LLMs are stateless. To preserve state of longer multi-turn conversations, the conversation history is passed in subsequent prompts. Scenarios like summarizing book chapters or generating source code often require long context windows too.

The paper Efficient Fine-tuning of Long-Context Large Language Models describes an innovative technique to fine-tune LLMs with long context windows.

Results

Via LongLoRA the fine-tuning efficiency is increased a lot. The diagram shows that perplexity (quality/performance) is almost identical to classic fine-tuning. At the same time training hours and GPU memory go down significantly.

image

The provided sample models are based on LLaMA and have up to 100k tokens context windows.

Concepts

The core idea behind LongLoRA is Shift Short Attention (S2 Attention). Rather than passing the complete input, the content is split in smaller parts. The trick is not only to split the content, but to have overlaps. This is necessary to avoid loosing context.

Let’s say you want to train a model with an 8k context window.
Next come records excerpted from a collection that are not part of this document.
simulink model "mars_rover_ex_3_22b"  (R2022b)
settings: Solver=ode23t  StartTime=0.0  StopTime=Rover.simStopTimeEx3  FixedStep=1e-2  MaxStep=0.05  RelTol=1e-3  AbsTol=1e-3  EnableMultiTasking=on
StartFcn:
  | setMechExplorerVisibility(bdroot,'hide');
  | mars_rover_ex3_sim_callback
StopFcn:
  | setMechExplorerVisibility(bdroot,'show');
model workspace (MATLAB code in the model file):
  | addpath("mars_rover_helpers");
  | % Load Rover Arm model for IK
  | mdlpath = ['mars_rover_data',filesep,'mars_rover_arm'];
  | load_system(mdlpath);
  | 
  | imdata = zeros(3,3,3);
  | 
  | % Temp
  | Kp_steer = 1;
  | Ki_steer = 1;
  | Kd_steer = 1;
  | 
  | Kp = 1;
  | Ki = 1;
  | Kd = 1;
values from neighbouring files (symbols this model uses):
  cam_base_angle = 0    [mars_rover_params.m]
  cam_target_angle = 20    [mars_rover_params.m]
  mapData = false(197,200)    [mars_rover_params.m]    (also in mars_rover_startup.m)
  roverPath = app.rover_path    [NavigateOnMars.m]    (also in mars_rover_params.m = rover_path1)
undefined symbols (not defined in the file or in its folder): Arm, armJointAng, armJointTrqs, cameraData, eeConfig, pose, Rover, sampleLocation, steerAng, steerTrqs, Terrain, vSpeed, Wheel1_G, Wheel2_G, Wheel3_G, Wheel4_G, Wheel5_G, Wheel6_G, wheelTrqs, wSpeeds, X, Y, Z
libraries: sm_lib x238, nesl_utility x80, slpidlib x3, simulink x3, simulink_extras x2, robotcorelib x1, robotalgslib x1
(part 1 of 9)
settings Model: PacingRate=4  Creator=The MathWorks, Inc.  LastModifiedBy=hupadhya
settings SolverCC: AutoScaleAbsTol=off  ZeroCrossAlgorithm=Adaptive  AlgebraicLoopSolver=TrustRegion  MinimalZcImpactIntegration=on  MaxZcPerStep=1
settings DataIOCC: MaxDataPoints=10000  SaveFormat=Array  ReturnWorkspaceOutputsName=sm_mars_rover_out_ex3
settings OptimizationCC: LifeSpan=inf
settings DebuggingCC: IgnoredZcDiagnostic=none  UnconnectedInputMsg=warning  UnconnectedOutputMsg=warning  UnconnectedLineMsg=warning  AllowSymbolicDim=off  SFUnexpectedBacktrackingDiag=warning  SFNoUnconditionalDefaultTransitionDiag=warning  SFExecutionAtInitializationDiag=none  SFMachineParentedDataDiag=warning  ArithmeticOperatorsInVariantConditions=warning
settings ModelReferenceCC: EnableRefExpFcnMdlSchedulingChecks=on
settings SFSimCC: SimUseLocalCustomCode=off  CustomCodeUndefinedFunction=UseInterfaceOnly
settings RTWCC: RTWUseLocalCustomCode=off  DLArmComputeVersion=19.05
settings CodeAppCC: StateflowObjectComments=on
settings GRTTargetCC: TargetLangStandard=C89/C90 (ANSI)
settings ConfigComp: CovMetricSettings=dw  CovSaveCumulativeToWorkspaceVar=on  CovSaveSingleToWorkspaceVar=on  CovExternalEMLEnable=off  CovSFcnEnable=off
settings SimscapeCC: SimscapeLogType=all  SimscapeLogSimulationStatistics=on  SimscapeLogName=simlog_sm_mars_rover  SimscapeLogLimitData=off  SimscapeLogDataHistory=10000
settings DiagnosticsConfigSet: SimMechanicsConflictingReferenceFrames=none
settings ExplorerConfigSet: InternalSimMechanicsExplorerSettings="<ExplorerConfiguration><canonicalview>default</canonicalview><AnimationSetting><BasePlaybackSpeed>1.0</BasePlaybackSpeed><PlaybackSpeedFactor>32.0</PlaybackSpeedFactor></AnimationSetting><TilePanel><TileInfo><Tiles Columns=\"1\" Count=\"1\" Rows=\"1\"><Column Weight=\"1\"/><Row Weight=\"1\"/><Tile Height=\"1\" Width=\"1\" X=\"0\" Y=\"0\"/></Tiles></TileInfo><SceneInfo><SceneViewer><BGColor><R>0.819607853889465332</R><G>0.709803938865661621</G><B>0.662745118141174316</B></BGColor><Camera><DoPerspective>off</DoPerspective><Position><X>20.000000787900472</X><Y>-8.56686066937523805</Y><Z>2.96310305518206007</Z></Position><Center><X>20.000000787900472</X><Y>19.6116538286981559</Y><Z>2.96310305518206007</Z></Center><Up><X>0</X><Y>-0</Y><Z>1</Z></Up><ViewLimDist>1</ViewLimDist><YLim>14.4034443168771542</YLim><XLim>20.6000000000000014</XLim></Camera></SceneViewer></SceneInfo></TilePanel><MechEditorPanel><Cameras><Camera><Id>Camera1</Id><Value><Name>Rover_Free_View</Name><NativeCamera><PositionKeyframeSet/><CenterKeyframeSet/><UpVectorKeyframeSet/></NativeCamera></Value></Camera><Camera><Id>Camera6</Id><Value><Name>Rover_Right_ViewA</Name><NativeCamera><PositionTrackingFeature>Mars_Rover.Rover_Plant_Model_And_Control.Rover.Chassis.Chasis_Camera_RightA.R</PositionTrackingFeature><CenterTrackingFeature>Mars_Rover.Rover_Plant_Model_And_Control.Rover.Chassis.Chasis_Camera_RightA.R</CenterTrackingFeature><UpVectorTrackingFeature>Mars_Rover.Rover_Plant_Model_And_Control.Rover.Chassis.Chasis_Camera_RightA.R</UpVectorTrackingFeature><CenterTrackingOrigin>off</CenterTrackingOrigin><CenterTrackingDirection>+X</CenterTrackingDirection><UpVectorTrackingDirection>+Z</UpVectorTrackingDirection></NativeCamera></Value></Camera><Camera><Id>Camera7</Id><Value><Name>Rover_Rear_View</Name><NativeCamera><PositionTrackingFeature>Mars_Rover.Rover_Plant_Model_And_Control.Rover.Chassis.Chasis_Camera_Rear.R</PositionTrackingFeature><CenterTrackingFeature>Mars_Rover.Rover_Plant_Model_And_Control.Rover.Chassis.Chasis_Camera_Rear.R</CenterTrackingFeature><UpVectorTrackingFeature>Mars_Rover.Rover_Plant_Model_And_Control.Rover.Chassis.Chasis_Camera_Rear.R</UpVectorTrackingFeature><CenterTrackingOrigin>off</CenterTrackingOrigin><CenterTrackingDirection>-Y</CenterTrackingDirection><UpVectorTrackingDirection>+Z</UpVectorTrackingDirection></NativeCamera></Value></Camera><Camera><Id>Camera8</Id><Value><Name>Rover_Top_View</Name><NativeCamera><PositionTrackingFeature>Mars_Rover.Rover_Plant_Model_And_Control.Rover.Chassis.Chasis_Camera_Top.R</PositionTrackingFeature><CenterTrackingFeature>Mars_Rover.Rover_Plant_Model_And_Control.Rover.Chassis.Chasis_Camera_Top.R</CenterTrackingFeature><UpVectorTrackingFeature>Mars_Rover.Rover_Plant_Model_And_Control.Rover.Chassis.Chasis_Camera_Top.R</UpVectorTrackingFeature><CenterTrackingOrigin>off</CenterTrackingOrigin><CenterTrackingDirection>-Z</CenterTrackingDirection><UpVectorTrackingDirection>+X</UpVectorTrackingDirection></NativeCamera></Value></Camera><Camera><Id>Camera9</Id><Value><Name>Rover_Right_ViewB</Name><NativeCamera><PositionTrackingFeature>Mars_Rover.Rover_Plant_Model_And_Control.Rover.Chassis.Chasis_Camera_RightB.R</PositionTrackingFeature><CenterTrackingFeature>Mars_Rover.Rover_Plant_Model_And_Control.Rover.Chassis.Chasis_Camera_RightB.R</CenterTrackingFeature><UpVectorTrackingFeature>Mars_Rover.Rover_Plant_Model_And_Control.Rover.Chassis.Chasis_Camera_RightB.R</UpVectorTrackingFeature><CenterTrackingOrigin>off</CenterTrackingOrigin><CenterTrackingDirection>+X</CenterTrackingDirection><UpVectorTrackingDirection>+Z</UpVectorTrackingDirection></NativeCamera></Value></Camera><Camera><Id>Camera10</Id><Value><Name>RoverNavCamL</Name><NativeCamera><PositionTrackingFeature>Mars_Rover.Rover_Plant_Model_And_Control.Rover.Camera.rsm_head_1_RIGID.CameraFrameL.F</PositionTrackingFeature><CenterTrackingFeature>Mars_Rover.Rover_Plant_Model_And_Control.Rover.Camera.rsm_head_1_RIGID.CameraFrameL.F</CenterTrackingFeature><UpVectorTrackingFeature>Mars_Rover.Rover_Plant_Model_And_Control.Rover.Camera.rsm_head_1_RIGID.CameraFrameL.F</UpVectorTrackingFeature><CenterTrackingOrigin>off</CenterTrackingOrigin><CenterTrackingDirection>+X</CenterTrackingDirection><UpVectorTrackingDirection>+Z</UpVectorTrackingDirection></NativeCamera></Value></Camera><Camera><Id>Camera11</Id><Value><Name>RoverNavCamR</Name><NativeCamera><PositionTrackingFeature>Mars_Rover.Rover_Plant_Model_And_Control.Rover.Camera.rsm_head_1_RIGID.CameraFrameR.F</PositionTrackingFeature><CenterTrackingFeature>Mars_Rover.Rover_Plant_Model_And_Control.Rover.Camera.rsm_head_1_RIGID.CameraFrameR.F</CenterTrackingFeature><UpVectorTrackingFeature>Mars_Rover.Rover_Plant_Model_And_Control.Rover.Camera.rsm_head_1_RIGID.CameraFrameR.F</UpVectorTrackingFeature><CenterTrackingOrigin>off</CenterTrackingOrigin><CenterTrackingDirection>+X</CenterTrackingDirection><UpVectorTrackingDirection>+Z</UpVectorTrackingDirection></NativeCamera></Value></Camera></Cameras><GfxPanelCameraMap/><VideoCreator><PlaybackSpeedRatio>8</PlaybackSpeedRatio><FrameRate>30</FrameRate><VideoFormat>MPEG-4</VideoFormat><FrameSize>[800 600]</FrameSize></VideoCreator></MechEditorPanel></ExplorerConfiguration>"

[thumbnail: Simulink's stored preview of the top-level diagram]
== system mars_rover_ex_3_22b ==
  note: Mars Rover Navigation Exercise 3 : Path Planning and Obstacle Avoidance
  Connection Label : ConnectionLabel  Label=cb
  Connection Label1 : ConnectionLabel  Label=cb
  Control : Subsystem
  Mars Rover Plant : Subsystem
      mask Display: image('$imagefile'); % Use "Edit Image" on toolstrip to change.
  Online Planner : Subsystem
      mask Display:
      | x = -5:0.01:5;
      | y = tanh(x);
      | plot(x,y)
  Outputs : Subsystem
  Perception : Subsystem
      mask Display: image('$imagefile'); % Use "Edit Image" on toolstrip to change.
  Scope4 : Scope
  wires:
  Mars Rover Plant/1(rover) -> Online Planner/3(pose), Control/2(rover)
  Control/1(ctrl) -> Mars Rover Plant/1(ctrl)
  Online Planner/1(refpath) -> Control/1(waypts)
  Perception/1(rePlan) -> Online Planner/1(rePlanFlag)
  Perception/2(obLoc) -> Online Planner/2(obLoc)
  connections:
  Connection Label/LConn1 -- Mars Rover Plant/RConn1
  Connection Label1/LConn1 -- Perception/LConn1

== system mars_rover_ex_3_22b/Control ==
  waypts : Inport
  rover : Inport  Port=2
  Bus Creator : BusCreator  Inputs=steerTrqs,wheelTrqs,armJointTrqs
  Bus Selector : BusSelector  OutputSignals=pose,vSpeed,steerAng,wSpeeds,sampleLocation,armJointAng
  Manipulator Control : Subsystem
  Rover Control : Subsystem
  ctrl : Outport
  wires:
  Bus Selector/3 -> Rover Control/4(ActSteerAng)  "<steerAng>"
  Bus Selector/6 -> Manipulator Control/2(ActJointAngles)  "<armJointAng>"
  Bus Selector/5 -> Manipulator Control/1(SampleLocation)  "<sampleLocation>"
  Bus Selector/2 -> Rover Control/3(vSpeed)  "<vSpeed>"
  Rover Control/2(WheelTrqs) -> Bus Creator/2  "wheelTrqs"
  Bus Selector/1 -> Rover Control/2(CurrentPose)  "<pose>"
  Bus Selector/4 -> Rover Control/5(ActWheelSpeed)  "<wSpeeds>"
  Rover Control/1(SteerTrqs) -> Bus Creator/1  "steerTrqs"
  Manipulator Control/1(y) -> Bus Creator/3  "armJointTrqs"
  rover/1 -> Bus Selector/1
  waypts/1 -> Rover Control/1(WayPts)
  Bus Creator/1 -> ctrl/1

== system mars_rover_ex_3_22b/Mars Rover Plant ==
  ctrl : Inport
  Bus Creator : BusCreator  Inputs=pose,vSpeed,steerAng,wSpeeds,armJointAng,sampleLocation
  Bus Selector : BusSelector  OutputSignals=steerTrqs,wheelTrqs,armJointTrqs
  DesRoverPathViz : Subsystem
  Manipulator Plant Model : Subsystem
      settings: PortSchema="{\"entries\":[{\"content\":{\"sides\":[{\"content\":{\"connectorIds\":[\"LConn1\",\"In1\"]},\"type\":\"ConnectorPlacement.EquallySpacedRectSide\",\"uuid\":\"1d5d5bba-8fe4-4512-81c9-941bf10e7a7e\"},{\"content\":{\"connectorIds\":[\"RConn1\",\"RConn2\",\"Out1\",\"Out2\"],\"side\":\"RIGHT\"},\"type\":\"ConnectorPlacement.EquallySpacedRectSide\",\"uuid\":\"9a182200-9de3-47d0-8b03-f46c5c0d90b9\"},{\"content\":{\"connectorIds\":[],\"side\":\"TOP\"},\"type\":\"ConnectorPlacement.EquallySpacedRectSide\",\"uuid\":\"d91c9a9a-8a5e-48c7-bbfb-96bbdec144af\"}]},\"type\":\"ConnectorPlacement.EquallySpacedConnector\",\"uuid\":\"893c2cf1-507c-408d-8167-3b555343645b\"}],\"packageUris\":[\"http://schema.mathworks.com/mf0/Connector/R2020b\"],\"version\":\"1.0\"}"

Input could be split in multiple parts with maximal lengths of 2k tokens as used for classic fine-tuning:

  • 1, 2, …, 2047, 2048
  • 2049, 2050, …, 4095, 4096
  • 4097, 4098, …, 6143, 6144
  • 6145, 6146, …, 8191, 8192

The approach above does not work since the relations between the different parts of the documents get lost which is why overlaps are utilized by LongLoRA.

  • 1, …, 2048
  • 1025, …, 3072
  • 2049, …, 4096
  • 3073, …, 5120
  • 4097, …, 6144
  • 5121, …, 7168
  • 6145, …, 8192
  • 7169, …, 8192, 1, …, 1024

In addition to S2 Attention, LongLoRA also leverages the same concepts of classic LoRA where most of the model weights are frozen and only a small subset of parameters is trained. As displayed in the diagram at the top of this post, the embedding and normalization layers are trainable as well.